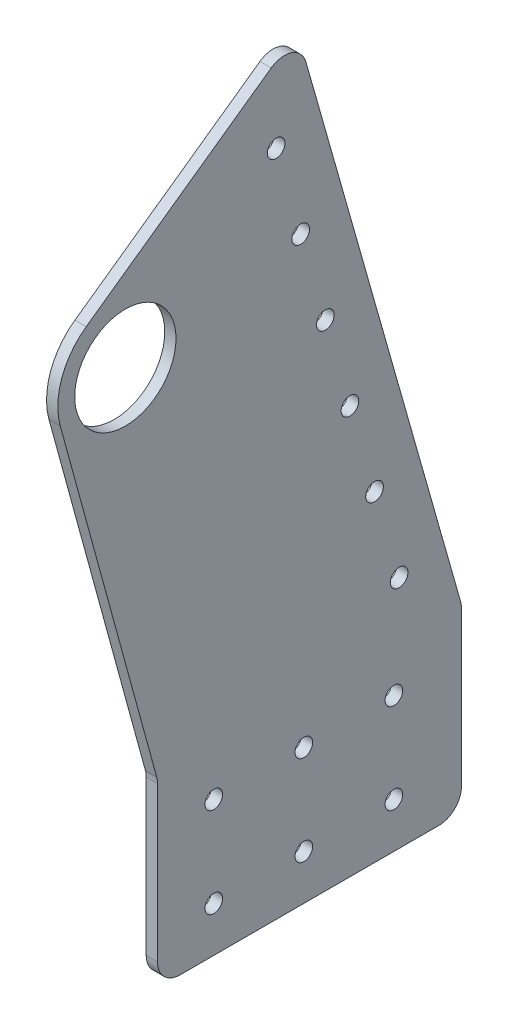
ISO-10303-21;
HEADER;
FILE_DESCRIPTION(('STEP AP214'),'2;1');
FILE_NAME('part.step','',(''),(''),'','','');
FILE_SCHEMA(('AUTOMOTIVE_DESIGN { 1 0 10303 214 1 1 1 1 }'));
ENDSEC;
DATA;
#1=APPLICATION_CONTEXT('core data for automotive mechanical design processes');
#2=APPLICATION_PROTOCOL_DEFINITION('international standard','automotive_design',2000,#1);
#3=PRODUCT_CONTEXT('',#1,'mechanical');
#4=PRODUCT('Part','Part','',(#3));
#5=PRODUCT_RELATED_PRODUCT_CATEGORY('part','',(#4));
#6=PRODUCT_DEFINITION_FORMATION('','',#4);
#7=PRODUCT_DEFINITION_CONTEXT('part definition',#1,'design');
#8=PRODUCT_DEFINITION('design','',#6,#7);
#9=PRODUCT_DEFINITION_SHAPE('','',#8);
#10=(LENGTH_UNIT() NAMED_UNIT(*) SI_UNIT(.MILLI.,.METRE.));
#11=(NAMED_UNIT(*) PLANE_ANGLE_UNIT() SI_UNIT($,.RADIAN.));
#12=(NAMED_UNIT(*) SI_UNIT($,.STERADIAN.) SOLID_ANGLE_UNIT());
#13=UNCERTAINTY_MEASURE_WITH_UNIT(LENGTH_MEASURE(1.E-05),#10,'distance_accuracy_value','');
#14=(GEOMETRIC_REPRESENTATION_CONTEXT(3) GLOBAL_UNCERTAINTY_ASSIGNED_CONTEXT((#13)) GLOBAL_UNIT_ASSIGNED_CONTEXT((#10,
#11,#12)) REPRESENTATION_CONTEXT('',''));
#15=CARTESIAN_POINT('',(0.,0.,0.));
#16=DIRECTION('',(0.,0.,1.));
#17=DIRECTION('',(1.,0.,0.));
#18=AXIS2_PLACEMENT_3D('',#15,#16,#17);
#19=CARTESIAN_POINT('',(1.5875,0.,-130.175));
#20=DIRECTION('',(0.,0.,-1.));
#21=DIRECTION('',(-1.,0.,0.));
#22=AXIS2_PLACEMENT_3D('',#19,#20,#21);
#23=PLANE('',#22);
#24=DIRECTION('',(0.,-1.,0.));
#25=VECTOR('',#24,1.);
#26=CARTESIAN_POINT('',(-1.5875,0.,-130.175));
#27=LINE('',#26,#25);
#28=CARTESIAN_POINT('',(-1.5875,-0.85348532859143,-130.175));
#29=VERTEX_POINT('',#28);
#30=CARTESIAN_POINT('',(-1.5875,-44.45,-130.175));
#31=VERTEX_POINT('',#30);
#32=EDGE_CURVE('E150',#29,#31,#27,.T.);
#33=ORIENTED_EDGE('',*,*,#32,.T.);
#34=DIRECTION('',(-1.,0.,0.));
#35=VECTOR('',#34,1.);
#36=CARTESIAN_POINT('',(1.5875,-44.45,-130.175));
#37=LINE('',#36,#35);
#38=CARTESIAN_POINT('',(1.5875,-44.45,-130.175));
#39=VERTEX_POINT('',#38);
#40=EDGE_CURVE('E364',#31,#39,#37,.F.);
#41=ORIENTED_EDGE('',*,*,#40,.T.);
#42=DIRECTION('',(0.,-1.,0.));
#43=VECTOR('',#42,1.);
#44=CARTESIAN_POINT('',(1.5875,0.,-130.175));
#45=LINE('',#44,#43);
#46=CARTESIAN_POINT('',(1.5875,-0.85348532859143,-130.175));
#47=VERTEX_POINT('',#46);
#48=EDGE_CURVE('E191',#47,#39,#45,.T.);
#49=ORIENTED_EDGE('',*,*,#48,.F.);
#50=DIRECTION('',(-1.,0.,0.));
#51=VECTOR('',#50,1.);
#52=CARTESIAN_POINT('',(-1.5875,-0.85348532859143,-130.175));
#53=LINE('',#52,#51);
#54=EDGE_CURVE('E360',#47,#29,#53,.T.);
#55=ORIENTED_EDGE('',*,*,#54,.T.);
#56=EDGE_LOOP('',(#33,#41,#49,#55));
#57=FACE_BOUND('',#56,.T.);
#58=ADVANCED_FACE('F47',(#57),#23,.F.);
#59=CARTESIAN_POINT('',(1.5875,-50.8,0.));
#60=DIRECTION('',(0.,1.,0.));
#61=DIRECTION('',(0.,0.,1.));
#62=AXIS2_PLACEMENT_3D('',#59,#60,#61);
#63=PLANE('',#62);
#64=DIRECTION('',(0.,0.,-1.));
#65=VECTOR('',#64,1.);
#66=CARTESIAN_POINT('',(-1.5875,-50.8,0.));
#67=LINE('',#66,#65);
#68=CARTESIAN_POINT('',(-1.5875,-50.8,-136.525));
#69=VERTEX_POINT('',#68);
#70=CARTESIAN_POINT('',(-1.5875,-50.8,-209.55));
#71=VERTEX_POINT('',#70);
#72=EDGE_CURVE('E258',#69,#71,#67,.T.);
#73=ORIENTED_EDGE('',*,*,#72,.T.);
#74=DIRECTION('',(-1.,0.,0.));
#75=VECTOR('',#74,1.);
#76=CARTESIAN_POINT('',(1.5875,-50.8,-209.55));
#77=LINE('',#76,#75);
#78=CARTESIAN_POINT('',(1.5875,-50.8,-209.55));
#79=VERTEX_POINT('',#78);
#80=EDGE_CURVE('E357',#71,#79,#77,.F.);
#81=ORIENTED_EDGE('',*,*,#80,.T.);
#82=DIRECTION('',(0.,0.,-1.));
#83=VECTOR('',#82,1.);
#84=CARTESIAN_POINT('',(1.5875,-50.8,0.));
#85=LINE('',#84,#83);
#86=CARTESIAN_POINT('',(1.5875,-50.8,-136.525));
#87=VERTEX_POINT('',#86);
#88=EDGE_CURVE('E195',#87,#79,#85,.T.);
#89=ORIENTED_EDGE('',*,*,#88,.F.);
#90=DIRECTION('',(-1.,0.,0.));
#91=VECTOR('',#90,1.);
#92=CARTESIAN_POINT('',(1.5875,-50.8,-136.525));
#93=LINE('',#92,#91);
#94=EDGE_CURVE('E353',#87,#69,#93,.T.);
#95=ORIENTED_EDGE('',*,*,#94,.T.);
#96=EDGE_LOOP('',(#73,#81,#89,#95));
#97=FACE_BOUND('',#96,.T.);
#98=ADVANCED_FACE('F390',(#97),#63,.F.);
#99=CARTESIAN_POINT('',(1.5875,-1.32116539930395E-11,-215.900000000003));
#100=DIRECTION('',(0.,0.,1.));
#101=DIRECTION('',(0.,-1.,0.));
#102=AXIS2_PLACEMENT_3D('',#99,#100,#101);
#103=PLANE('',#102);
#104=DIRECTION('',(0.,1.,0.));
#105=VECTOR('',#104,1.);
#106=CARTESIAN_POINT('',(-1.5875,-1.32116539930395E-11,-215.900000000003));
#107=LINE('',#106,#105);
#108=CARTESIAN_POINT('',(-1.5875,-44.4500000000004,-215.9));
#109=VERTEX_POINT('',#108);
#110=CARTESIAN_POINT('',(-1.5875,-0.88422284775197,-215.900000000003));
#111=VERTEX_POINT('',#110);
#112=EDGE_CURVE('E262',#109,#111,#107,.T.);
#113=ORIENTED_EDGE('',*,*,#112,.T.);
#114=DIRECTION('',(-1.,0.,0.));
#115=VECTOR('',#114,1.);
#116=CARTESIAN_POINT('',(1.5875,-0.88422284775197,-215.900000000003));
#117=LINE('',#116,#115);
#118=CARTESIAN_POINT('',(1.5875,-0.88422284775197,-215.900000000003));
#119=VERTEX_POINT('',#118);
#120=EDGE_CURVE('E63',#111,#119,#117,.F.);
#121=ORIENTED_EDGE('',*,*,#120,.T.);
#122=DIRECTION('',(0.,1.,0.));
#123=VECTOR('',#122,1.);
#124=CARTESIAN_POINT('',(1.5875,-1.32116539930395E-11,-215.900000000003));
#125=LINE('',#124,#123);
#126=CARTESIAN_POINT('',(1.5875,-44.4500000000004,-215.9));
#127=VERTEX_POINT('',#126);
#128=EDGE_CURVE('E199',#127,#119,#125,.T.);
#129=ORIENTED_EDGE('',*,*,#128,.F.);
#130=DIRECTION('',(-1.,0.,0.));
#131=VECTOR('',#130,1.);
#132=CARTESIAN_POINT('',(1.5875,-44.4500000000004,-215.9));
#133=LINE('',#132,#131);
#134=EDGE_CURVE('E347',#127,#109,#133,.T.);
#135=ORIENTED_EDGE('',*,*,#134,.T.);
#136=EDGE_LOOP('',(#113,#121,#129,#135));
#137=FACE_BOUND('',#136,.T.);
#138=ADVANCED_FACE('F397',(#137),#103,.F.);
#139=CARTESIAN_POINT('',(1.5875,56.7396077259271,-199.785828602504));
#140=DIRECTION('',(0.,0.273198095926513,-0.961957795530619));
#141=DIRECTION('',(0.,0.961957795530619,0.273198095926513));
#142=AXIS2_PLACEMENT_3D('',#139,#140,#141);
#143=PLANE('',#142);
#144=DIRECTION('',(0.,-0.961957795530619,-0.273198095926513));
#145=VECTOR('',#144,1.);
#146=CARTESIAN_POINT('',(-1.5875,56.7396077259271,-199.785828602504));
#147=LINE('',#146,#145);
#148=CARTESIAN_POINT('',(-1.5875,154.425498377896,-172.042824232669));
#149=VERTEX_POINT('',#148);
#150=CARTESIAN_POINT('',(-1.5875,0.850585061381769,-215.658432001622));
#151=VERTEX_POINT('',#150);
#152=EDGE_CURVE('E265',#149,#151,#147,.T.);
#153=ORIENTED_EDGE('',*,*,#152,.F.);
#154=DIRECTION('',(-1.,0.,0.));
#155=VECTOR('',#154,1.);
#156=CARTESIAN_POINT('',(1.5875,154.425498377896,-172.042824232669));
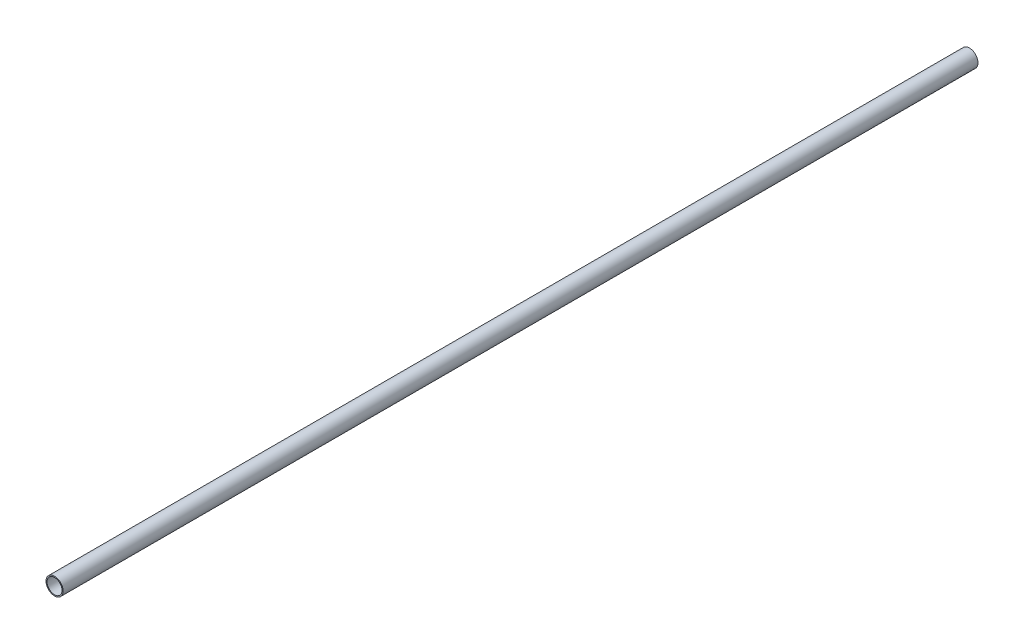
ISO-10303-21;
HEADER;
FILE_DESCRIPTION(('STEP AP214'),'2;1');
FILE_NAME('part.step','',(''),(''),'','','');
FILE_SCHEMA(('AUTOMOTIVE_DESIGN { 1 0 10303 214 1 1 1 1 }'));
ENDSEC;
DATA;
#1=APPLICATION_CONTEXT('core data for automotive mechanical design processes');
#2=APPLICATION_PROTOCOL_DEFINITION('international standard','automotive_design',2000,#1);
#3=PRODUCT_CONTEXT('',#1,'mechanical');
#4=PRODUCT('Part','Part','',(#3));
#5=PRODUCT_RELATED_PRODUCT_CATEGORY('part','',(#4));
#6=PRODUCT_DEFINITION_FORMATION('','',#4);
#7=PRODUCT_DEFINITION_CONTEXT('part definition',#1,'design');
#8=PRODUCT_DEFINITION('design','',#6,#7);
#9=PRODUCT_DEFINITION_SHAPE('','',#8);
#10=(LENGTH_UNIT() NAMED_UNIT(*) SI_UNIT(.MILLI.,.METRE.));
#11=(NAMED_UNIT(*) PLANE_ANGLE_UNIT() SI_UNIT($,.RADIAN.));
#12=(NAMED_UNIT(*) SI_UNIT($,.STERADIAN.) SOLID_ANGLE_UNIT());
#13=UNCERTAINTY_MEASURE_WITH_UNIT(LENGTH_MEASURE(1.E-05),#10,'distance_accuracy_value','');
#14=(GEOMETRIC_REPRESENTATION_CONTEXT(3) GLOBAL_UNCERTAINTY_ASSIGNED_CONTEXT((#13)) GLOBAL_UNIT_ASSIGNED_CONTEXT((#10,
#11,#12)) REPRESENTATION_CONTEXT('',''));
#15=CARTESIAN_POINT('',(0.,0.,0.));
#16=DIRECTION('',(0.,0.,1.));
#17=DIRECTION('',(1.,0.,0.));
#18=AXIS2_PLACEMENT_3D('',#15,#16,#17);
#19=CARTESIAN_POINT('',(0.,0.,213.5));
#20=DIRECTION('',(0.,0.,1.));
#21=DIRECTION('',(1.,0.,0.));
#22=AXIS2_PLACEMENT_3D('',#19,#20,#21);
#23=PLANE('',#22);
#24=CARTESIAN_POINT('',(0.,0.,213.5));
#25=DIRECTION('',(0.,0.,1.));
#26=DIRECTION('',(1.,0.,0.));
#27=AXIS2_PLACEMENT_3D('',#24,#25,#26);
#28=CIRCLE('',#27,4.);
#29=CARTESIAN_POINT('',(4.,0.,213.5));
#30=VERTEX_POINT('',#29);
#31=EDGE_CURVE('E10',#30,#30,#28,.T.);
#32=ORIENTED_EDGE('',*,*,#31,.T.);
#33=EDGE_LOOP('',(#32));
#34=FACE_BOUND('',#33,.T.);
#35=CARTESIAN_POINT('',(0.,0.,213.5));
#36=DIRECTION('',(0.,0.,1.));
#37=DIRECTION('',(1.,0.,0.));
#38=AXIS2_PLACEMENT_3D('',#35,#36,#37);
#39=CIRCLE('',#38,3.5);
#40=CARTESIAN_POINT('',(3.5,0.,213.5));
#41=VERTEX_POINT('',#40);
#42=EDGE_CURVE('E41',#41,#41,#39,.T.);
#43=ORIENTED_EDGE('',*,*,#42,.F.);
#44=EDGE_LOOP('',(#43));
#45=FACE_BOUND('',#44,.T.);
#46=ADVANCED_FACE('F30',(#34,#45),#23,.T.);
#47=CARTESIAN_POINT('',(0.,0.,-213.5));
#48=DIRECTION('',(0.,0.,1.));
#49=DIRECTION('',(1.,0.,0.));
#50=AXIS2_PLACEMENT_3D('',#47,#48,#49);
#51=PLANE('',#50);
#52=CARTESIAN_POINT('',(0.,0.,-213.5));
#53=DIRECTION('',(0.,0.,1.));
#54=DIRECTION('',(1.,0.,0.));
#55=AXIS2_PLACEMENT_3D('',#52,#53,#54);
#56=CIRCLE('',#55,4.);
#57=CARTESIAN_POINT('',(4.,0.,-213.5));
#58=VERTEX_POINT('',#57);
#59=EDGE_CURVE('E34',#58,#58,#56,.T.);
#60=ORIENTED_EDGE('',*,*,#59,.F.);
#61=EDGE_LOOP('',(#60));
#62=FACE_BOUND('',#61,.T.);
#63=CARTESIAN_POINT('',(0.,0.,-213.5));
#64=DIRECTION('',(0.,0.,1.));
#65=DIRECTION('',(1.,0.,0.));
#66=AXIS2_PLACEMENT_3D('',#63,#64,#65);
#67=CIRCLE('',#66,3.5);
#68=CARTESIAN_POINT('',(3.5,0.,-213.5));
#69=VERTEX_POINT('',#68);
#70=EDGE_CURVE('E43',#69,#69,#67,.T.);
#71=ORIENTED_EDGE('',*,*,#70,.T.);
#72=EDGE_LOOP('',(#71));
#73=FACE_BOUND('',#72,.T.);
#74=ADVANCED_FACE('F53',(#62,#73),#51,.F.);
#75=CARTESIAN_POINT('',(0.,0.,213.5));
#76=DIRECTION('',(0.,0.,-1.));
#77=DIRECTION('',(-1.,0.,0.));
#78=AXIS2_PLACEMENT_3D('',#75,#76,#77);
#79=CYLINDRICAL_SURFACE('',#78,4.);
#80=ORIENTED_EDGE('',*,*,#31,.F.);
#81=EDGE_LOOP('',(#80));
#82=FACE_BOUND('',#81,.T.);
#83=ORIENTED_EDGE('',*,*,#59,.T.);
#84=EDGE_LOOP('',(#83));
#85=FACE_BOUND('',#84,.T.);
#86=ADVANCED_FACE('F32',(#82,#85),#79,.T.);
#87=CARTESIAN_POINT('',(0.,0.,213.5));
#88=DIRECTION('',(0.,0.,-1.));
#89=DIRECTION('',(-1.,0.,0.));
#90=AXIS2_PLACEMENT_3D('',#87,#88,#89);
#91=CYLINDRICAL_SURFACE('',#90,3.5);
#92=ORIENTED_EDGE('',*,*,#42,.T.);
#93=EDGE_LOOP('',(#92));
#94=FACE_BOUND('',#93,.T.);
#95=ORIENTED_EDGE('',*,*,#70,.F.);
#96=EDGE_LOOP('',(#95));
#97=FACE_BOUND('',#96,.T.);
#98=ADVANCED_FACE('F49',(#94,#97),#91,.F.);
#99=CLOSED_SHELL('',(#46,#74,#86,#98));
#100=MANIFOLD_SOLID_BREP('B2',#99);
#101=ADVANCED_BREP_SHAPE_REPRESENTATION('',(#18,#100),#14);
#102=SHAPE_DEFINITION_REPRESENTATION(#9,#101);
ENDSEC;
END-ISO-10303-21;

════════

TASK DESCRIPTION – Everything from the line containing "#68=CARTESIAN_POINT('',(3.5,0.,-213.5));" to the last line of the data above must be set down exactly, both ends included, with no other lines.

TASK OUTPUT –
#68=CARTESIAN_POINT('',(3.5,0.,-213.5));
#69=VERTEX_POINT('',#68);
#70=EDGE_CURVE('E43',#69,#69,#67,.T.);
#71=ORIENTED_EDGE('',*,*,#70,.T.);
#72=EDGE_LOOP('',(#71));
#73=FACE_BOUND('',#72,.T.);
#74=ADVANCED_FACE('F53',(#62,#73),#51,.F.);
#75=CARTESIAN_POINT('',(0.,0.,213.5));
#76=DIRECTION('',(0.,0.,-1.));
#77=DIRECTION('',(-1.,0.,0.));
#78=AXIS2_PLACEMENT_3D('',#75,#76,#77);
#79=CYLINDRICAL_SURFACE('',#78,4.);
#80=ORIENTED_EDGE('',*,*,#31,.F.);
#81=EDGE_LOOP('',(#80));
#82=FACE_BOUND('',#81,.T.);
#83=ORIENTED_EDGE('',*,*,#59,.T.);
#84=EDGE_LOOP('',(#83));
#85=FACE_BOUND('',#84,.T.);
#86=ADVANCED_FACE('F32',(#82,#85),#79,.T.);
#87=CARTESIAN_POINT('',(0.,0.,213.5));
#88=DIRECTION('',(0.,0.,-1.));
#89=DIRECTION('',(-1.,0.,0.));
#90=AXIS2_PLACEMENT_3D('',#87,#88,#89);
#91=CYLINDRICAL_SURFACE('',#90,3.5);
#92=ORIENTED_EDGE('',*,*,#42,.T.);
#93=EDGE_LOOP('',(#92));
#94=FACE_BOUND('',#93,.T.);
#95=ORIENTED_EDGE('',*,*,#70,.F.);
#96=EDGE_LOOP('',(#95));
#97=FACE_BOUND('',#96,.T.);
#98=ADVANCED_FACE('F49',(#94,#97),#91,.F.);
#99=CLOSED_SHELL('',(#46,#74,#86,#98));
#100=MANIFOLD_SOLID_BREP('B2',#99);
#101=ADVANCED_BREP_SHAPE_REPRESENTATION('',(#18,#100),#14);
#102=SHAPE_DEFINITION_REPRESENTATION(#9,#101);
ENDSEC;
END-ISO-10303-21;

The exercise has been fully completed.